- New York Court Not so Goo-goo over Gaga - An Update to the FLSA Monster
- September 20, 2013 | Author: Boyd A. Byers
- Law Firm: Foulston Siefkin LLP - Wichita Office
We previously covered the Lady Gaga FLSA saga. As an update, earlier this week (September 10), the Southern District of New York addressed Stefani Germanotta’s (aka “Lady Gaga”) motion to dismiss claims brought by her former personal secretary under the Fair Labor Standards Act (FLSA) and the New York Labor Law (NYLL). Jennifer O’Neil claimed that Gaga failed to pay her overtime wages when she was on-call 24/7 while on tour with Gaga.
O’Neil claims that Gaga required her to be “working and/or on call every hour of every day” during her employment. On tour, O’Neil had various responsibilities, including handling communications, cleaning Gaga’s hotel room, ensuring Gaga was “hopefully” on time to places, making sure Gaga ate and drank when she needed, and handling Gaga’s extensive luggage-generally twenty bags. According to O’Neil, Gaga would wake her during the night to take out a DVD and replace it with another because Gaga was “tired” of the movie she was watching.
Allegedly, when Gaga re-hired O’Neil, they did not discuss any payment terms. O’Neil had previously worked a short stint for Gaga at $1,000 per week. O’Neil was told a few weeks into the job in 2010 that she would receive a salary of $75,000 annually, but nothing was said regarding overtime.
The court granted defendants motion in part holding that the NYLL applied only to work performed in New York. The fact that O’Neil was domiciled and resided there was irrelevant for work performed elsewhere.
Gaga’s motion to dismiss was denied as to O’Neil’s claim for unpaid wages for on-call time. In its decision, the court noted that “on-call time can constitute work and is compensable under the FLSA where the employer restricts an employee’s ability to use the time freely for his or her own benefit.” This includes periods of inactivity that are unpredictable and usually of short duration as the employee is unable to effectively use that time for his own purpose.

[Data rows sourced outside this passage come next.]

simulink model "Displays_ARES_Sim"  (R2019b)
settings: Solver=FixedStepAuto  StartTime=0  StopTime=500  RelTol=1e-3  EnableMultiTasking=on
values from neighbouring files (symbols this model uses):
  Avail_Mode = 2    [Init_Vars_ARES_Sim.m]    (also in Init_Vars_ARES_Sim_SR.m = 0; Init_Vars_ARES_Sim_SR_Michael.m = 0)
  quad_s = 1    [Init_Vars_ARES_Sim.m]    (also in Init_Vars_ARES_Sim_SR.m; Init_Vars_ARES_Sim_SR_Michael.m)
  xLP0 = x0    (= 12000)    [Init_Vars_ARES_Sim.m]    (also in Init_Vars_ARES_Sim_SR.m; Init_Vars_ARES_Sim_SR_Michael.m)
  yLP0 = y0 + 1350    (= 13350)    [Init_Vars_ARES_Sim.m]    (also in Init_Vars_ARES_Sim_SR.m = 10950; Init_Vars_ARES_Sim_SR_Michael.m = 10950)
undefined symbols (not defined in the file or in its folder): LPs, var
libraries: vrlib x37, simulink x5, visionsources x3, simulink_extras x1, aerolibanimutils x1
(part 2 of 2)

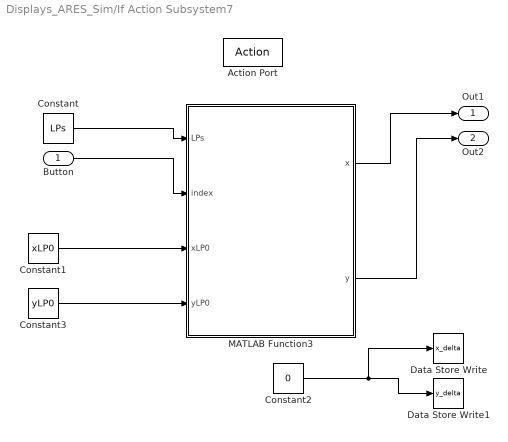
== system Displays_ARES_Sim/If Action Subsystem7 ==
  Button : Inport
  Action Port : ActionPort  ActionPortLabel=if(u1 ~= 0)
  Constant : Constant  Value=LPs
  Constant1 : Constant  Value=xLP0
  Constant2 : Constant  Value=0
  Constant3 : Constant  Value=yLP0
  Data Store Write : DataStoreWrite  DataStoreName=x_delta
  Data Store Write1 : DataStoreWrite  DataStoreName=y_delta
  MATLAB Function3 : MATLAB Function  TreatAsAtomicUnit=on
  Out1 : Outport  InitialOutput=[xLP0]  VectorParamsAs1DForOutWhenUnconnected=off
  Out2 : Outport  Port=2  InitialOutput=[yLP0]  VectorParamsAs1DForOutWhenUnconnected=off
  wires:
  Constant1/1 -> MATLAB Function3/3(xLP0)
  Constant/1 -> MATLAB Function3/1(LPs)
  Constant3/1 -> MATLAB Function3/4(yLP0)
  Button/1 -> MATLAB Function3/2(index)
  MATLAB Function3/1(x) -> Out1/1
  MATLAB Function3/2(y) -> Out2/1
  Constant2/1 -> Data Store Write1/1, Data Store Write/1

== system Displays_ARES_Sim/If Action Subsystem8 ==
  Action Port : ActionPort  ActionPortLabel=if(u1 < 0.0003)

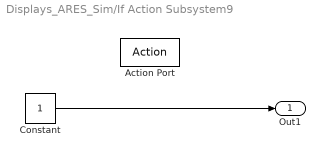
== system Displays_ARES_Sim/If Action Subsystem9 ==
  Action Port : ActionPort  ActionPortLabel=if(u1 ==1 & u2 ==1)
  Constant : Constant
  Out1 : Outport  InitialOutput=[0]  VectorParamsAs1DForOutWhenUnconnected=off
  wires:
  Constant/1 -> Out1/1

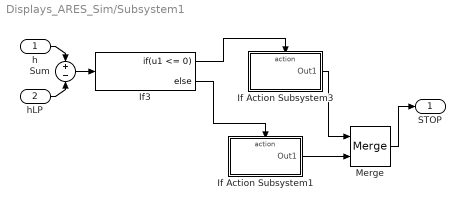
== system Displays_ARES_Sim/Subsystem1 ==
  h : Inport
  hLP : Inport  Port=2
  If Action Subsystem1 : Subsystem  TreatAsAtomicUnit=on
  If Action Subsystem3 : Subsystem  TreatAsAtomicUnit=on
  If3 : If  IfExpression=u1 <= 0  ZeroCross=off
  Merge : Merge
  Sum : Sum  Inputs=+-
  STOP : Outport  VectorParamsAs1DForOutWhenUnconnected=off
  wires:
  If3/1 -> If Action Subsystem3/Action
  Sum/1 -> If3/1
  h/1 -> Sum/1
  hLP/1 -> Sum/2
  If3/2 -> If Action Subsystem1/Action
  If Action Subsystem3/1(Out1) -> Merge/1
  Merge/1 -> STOP/1
  If Action Subsystem1/1(Out1) -> Merge/2

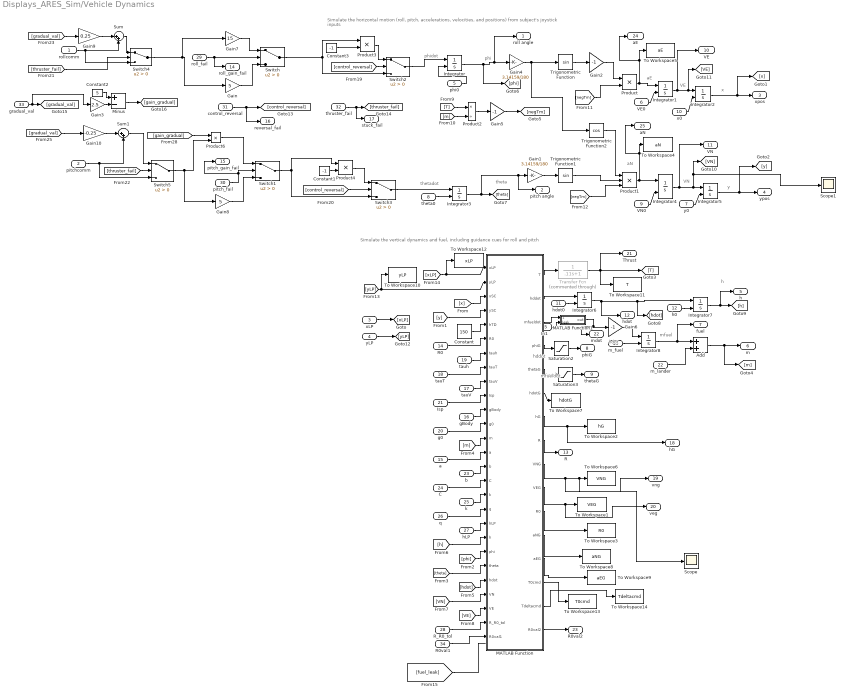
== system Displays_ARES_Sim/Vehicle Dynamics  ==
  note: Simulate the horizontal motion (roll, pitch, accelerations, velocities, and positions) from subject's joystick inputs
  note: Simulate the vertical dynamics and fuel, including guidance cues for roll and pitch
  note: mfuel
  note: mfueldot
  note: h
  note: hdot
  note: hddot
  note: aN
  note: x
  note: VE
  note: aE
  note: phi
  note: phidot
  note: theta
  note: thetadot
  note: y
  note: VN
  rollcomm : Inport
  "pitchcomm " : Inport  Port=2
  xLP : Inport  Port=3
  yLP : Inport  Port=4
  phi0 : Inport  Port=5
  VE0 : Inport  Port=6
  y0 : Inport  Port=7
  "theta0 " : Inport  Port=8
  VN0 : Inport  Port=9
  "x0 " : Inport  Port=10
  hdot0 : Inport  Port=11
  h0 : Inport  Port=12
  m_fuel : Inport  Port=13
  R0 : Inport  Port=14
  a : Inport  Port=15
  gBody : Inport  Port=16
  tauV : Inport  Port=17
  tauT : Inport  Port=18
  tauh : Inport  Port=19
  g0 : Inport  Port=20
  Isp : Inport  Port=21
  m_lander : Inport  Port=22
  "b " : Inport  Port=23
  C : Inport  Port=24
  k : Inport  Port=25
  q : Inport  Port=26
  hLP : Inport  Port=27
  R_R0_tol : Inport  Port=28
  roll_fail : Inport  Port=29
  pitch_fail : Inport  Port=30
  control_reversal : Inport  Port=31
  thruster_fail : Inport  Port=32
  gradual_val : Inport  Port=33
  R0val1 : Inport  Port=34
  In1 : Inport  Port=35
  Add : Sum
  Constant : Constant  Value=150
  Constant1 : Constant  Value=-1
  Constant2 : Constant  Value=5
  Constant3 : Constant  Value=-1
  Gain : Gain  Gain=5
  Gain1 : Gain  Gain=3.14159/180
  Gain10 : Gain  Gain=-0.25
  Gain2 : Gain  Gain=-1
  Gain3 : Gain  Gain=2.5
  Gain4 : Gain  Gain=3.14159/180
  Gain5 : Gain  Gain=-1
  Gain6 : Gain  Gain=-1
  Gain7 : Gain  Gain=15
  Gain8 : Gain  Gain=5
  Gain9 : Gain  Gain=0.25
  Integrator{,1,6..8} (5 alike) : Integrator  InitialConditionSource=external
  Integrator2 : Integrator  InitialConditionSource=external  InitialCondition=1000
  Integrator3 : Integrator  InitialConditionSource=external  InitialCondition=-16
  Integrator4 : Integrator  InitialConditionSource=external  InitialCondition=var]
  Integrator5 : Integrator  InitialConditionSource=external  InitialCondition=1000
  MATLAB Function : MATLAB Function  TreatAsAtomicUnit=on  SystemSampleTime=0.1
  MATLAB Function1 : MATLAB Function  TreatAsAtomicUnit=on
  Minus : Sum  Inputs=+-
  Product{,3..4,6} (4 alike) : Product
  Product1 : Product  Inputs=3
  Product2 : Product  Inputs=*/
  Saturation2 : Saturate  UpperLimit=45  LowerLimit=-45
  Saturation3 : Saturate  UpperLimit=45  LowerLimit=-45
  Scope : Scope
  Scope1 : Scope
  Sum : Sum  Inputs=|++
  Sum1 : Sum  Inputs=|++
  Switch{,1..5} (6 alike) : Switch  Criteria=u2 > Threshold
  To Workspace1 : ToWorkspace  VariableName=VEG  SaveFormat=Timeseries  SampleTime=-1
  To Workspace10 : ToWorkspace  VariableName=yLP  SaveFormat=Timeseries  SampleTime=-1
  To Workspace11 : ToWorkspace  VariableName=T  SaveFormat=Timeseries  SampleTime=-1
  To Workspace12 : ToWorkspace  VariableName=xLP  SaveFormat=Timeseries  SampleTime=-1
  To Workspace13 : ToWorkspace  VariableName=T0cmd  SaveFormat=Timeseries  SampleTime=-1
  To Workspace14 : ToWorkspace  VariableName=Tdeltacmd  SaveFormat=Timeseries  SampleTime=-1
  To Workspace2 : ToWorkspace  VariableName=hG  SaveFormat=Timeseries  SampleTime=-1
  To Workspace3 : ToWorkspace  VariableName=R0  SaveFormat=Timeseries  SampleTime=-1
  To Workspace4 : ToWorkspace  VariableName=aN  SaveFormat=Timeseries  SampleTime=-1
  To Workspace5 : ToWorkspace  VariableName=aE  SaveFormat=Timeseries  SampleTime=-1
  To Workspace6 : ToWorkspace  VariableName=VNG  SaveFormat=Timeseries  SampleTime=-1
  To Workspace7 : ToWorkspace  VariableName=hdotG  SaveFormat=Timeseries  SampleTime=-1
  To Workspace8 : ToWorkspace  VariableName=aNG  SaveFormat=Timeseries  SampleTime=-1
  To Workspace9 : ToWorkspace  VariableName=aEG  SaveFormat=Timeseries  SampleTime=-1
  Transfer Fcn : TransferFcn  Commented=through  Denominator=[.11 1]
  Trigonometric Function : Trigonometry
  Trigonometric Function1 : Trigonometry
  Trigonometric Function2 : Trigonometry  Operator=cos
  roll angle : Outport  VectorParamsAs1DForOutWhenUnconnected=off
  pitch angle : Outport  Port=2  VectorParamsAs1DForOutWhenUnconnected=off
  xpos : Outport  Port=3  VectorParamsAs1DForOutWhenUnconnected=off
  "ypos " : Outport  Port=4  VectorParamsAs1DForOutWhenUnconnected=off
  h : Outport  Port=5  VectorParamsAs1DForOutWhenUnconnected=off
  m : Outport  Port=6  VectorParamsAs1DForOutWhenUnconnected=off
  fuel : Outport  Port=7  VectorParamsAs1DForOutWhenUnconnected=off
  phiG : Outport  Port=8  VectorParamsAs1DForOutWhenUnconnected=off
  thetaG : Outport  Port=9  VectorParamsAs1DForOutWhenUnconnected=off
  VE : Outport  Port=10  VectorParamsAs1DForOutWhenUnconnected=off
  VN : Outport  Port=11  VectorParamsAs1DForOutWhenUnconnected=off
  "hdot " : Outport  Port=12  VectorParamsAs1DForOutWhenUnconnected=off
  R : Outport  Port=13  VectorParamsAs1DForOutWhenUnconnected=off
  roll_gain_fail : Outport  Port=14  VectorParamsAs1DForOutWhenUnconnected=off
  pitch_gain_fail : Outport  Port=15  VectorParamsAs1DForOutWhenUnconnected=off
  reversal_fail : Outport  Port=16  VectorParamsAs1DForOutWhenUnconnected=off
  stuck_fail : Outport  Port=17  VectorParamsAs1DForOutWhenUnconnected=off
  hG : Outport  Port=18  VectorParamsAs1DForOutWhenUnconnected=off
  "vng " : Outport  Port=19  VectorParamsAs1DForOutWhenUnconnected=off
  veg : Outport  Port=20  VectorParamsAs1DForOutWhenUnconnected=off
  Thrust : Outport  Port=21  VectorParamsAs1DForOutWhenUnconnected=off
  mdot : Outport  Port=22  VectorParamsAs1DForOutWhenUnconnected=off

This case serves as a reminder to employers to freshen up on over-time requirements under the FLSA, as well as under the Kansas Wage Payment Act. Remember, just because an employee is salaried, doesn’t mean that over-time never has to be paid. Additionally, whether a person qualifies as salaried and exempt from over-time requirements depends on the salary and job duties, not on the employee’s job title.